**Exercise aim**
Look through the data below and show every line that includes "CIRCLE".

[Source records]
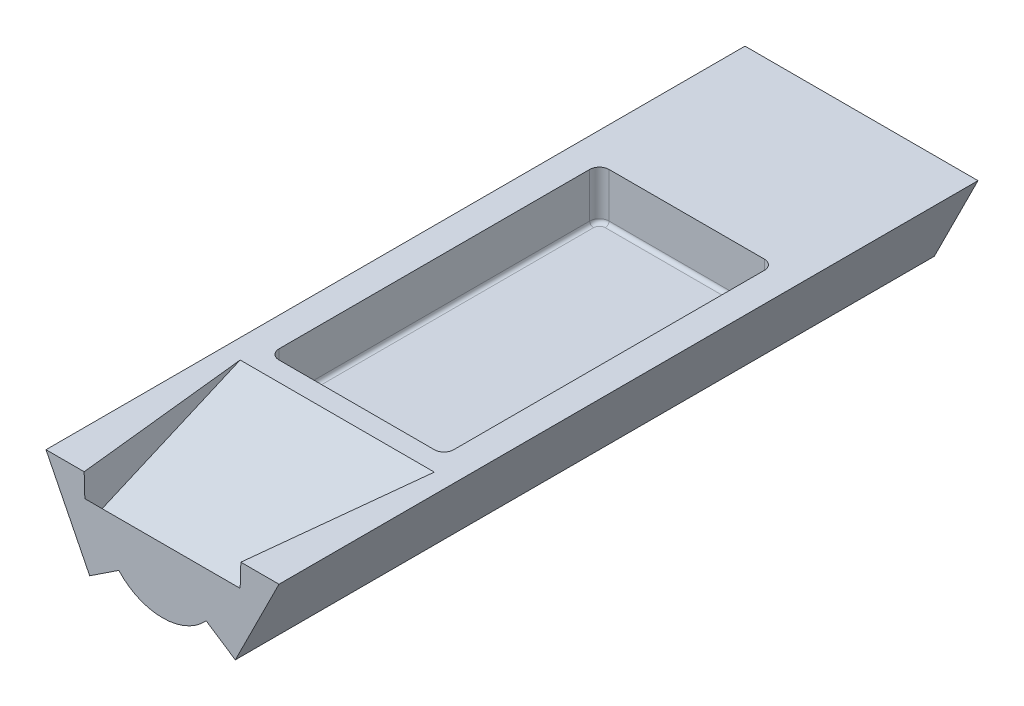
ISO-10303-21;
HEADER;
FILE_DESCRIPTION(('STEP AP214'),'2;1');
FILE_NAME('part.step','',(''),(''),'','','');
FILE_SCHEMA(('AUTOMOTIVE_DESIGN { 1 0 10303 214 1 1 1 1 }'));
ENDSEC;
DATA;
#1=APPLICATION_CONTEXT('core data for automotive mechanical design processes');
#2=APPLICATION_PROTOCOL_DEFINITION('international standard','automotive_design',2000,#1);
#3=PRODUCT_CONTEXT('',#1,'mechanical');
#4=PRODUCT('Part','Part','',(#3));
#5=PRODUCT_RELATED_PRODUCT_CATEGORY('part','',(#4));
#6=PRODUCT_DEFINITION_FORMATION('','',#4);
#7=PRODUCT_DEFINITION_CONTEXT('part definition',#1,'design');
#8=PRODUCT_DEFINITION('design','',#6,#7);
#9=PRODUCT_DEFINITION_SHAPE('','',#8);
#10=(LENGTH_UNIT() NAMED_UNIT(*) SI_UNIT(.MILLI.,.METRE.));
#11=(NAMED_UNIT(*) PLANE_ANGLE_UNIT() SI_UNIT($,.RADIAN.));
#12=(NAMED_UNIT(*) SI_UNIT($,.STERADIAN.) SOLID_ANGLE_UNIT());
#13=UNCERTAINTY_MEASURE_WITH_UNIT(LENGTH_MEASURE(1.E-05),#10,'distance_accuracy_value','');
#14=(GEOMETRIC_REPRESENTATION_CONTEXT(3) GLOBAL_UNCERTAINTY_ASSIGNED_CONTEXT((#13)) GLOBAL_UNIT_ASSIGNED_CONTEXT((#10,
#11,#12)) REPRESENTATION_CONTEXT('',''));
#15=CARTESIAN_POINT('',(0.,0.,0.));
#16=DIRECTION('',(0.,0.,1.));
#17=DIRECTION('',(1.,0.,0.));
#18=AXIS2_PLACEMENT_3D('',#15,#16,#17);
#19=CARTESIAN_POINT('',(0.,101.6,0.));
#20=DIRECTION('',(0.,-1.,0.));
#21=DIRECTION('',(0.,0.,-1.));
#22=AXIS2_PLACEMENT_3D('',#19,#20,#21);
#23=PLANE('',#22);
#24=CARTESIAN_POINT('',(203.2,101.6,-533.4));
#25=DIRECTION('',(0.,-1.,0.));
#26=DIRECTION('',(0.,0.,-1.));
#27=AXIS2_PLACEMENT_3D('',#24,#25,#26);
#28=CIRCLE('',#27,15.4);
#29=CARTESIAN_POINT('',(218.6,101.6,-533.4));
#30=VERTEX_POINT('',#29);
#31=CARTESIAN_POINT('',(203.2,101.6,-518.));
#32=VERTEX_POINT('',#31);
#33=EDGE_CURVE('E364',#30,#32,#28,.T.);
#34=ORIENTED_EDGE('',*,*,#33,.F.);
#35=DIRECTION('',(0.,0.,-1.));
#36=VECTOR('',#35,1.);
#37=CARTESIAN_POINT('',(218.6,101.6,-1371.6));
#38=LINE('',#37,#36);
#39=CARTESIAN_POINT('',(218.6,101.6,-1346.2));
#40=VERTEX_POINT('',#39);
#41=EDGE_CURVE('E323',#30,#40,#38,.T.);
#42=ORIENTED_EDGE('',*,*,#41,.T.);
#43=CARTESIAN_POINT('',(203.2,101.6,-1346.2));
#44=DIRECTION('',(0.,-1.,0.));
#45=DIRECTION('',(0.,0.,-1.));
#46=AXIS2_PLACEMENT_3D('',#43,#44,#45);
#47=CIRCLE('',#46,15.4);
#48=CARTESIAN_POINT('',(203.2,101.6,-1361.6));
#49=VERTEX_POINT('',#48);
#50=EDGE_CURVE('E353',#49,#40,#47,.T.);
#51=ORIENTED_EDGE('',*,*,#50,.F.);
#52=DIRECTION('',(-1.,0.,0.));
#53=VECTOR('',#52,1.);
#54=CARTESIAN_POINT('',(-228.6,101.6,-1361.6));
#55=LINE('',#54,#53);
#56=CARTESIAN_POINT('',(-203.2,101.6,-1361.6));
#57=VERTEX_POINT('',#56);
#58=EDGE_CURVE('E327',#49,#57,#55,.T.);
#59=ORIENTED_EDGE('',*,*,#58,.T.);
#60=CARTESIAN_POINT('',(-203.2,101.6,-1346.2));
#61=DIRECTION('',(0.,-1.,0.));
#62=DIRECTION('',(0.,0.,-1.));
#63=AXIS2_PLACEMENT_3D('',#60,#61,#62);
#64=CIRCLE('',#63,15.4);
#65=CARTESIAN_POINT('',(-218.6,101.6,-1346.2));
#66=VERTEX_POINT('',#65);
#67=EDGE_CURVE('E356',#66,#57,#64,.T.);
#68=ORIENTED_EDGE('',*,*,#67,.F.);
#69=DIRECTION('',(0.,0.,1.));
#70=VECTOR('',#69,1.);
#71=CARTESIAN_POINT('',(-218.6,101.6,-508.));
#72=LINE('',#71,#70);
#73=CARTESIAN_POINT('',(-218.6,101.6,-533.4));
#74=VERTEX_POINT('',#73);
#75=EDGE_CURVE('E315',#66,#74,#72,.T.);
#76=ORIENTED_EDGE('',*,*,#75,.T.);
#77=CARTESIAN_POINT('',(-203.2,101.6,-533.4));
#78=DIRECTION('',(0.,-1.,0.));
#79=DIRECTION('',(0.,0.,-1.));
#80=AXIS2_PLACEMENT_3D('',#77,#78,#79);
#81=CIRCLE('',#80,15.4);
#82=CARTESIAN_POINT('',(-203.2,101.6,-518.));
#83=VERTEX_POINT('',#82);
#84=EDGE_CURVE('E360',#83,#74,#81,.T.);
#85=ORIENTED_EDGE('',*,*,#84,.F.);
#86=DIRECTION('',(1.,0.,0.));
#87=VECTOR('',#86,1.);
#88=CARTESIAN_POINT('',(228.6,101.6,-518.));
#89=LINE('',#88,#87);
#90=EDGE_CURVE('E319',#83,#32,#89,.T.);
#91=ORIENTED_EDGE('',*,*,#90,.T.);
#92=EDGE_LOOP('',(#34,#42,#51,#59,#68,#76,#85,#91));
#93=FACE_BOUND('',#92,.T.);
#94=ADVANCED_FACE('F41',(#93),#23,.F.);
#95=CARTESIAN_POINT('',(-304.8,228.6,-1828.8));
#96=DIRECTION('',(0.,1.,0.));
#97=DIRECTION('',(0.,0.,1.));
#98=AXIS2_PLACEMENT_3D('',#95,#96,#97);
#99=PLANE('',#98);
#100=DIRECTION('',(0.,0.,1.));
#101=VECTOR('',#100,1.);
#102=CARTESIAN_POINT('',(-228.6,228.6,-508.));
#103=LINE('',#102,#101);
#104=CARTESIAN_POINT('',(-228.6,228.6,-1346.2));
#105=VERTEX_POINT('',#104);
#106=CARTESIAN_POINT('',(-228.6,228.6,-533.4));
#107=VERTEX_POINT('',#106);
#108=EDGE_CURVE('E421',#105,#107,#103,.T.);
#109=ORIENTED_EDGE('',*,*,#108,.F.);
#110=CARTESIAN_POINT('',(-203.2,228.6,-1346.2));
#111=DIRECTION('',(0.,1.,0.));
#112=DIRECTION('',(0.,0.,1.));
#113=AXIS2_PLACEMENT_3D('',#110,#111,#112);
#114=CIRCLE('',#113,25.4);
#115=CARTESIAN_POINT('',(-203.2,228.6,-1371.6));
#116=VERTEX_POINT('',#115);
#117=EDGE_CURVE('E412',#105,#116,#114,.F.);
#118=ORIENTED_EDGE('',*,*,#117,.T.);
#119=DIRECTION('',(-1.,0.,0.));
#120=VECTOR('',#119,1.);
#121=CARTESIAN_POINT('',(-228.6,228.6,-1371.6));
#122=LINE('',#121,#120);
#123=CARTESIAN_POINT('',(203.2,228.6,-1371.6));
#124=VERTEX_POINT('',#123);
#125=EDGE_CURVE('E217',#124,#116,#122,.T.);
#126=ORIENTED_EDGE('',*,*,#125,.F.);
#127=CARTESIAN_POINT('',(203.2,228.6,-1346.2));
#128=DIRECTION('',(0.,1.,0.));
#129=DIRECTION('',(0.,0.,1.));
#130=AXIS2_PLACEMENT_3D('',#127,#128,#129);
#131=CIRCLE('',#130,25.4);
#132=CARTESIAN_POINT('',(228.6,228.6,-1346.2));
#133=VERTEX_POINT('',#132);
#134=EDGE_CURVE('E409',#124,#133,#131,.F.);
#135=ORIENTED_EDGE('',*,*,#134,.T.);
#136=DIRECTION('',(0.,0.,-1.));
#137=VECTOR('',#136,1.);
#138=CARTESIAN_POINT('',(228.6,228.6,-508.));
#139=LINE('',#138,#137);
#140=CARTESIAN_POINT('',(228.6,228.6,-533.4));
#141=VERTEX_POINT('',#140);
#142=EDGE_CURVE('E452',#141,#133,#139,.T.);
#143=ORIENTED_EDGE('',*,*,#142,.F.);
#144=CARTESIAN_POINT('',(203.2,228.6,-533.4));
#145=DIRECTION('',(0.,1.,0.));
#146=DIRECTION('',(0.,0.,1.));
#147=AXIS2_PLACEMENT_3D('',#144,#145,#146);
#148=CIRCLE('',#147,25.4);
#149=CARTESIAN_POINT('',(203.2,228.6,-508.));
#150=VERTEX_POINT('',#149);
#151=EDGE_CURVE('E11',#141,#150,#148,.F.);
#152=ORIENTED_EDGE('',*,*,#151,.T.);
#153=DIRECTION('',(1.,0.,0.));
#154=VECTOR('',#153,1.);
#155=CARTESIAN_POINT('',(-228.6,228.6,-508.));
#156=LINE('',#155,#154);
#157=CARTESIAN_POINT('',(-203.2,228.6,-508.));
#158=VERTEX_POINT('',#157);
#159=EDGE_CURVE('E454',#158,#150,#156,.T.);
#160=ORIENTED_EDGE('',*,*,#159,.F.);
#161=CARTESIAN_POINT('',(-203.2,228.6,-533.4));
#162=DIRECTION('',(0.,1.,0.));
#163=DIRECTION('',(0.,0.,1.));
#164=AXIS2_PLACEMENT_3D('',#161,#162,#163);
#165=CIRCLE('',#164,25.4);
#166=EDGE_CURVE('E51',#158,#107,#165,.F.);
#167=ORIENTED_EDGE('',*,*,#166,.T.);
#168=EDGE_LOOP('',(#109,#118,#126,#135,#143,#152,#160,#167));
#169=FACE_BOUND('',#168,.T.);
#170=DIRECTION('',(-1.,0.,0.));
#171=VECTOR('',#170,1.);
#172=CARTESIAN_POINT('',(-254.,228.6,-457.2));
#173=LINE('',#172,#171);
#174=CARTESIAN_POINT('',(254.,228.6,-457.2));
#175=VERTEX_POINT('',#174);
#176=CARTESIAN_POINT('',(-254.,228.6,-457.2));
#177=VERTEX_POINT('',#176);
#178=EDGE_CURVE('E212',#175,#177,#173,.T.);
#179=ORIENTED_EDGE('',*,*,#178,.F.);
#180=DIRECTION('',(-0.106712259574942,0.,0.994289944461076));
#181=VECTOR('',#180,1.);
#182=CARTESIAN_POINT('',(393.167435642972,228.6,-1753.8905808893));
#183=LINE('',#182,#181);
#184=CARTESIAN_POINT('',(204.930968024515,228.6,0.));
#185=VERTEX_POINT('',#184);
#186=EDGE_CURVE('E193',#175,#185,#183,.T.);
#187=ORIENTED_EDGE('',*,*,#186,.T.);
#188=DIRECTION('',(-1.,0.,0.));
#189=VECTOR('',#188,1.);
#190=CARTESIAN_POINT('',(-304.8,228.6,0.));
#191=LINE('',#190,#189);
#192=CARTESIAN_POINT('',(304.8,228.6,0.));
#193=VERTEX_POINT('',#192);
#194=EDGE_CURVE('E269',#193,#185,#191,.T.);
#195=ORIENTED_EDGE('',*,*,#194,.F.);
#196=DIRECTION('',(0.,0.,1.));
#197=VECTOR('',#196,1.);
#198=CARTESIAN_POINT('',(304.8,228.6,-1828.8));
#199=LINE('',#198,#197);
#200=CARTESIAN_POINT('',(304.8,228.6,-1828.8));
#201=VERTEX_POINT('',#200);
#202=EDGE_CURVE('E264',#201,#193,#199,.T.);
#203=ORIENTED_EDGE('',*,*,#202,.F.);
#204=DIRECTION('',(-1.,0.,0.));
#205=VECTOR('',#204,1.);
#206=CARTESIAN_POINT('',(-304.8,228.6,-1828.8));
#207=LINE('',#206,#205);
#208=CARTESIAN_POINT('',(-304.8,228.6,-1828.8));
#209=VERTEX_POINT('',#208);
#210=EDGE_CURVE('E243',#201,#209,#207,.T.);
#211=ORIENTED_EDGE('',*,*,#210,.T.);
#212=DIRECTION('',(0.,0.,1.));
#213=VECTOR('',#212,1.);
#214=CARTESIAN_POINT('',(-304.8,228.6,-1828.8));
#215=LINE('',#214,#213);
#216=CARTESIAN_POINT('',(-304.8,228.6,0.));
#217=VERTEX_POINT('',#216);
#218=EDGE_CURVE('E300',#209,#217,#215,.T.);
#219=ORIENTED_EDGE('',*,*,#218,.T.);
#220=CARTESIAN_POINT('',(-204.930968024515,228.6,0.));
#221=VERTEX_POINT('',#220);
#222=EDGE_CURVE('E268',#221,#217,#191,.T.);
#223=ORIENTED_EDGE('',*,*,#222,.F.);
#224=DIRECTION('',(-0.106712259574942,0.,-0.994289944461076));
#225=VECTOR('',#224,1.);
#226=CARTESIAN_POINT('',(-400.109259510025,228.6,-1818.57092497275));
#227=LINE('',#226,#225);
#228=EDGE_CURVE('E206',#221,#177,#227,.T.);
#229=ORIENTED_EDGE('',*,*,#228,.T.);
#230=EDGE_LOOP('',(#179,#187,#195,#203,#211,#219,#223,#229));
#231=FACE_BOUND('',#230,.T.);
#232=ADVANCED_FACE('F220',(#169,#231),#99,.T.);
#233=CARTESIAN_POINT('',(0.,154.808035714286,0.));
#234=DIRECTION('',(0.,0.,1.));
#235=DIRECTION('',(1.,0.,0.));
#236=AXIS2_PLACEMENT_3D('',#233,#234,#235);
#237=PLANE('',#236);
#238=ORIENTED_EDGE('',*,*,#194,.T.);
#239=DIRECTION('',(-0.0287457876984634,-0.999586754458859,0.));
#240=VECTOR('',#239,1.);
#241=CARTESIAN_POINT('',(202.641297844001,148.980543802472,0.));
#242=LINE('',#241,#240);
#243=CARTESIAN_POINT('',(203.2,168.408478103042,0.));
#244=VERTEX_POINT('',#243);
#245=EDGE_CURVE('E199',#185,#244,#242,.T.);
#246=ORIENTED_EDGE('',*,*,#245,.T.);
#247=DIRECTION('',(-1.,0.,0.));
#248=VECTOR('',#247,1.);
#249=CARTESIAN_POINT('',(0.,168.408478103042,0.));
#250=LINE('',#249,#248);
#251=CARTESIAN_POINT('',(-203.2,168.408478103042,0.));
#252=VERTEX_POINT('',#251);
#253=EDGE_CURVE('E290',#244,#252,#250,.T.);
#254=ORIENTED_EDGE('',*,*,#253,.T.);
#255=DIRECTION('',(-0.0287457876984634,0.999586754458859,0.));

**Problem solution**
#28=CIRCLE('',#27,15.4);
#47=CIRCLE('',#46,15.4);
#64=CIRCLE('',#63,15.4);
#81=CIRCLE('',#80,15.4);
#114=CIRCLE('',#113,25.4);
#131=CIRCLE('',#130,25.4);
#148=CIRCLE('',#147,25.4);
#165=CIRCLE('',#164,25.4);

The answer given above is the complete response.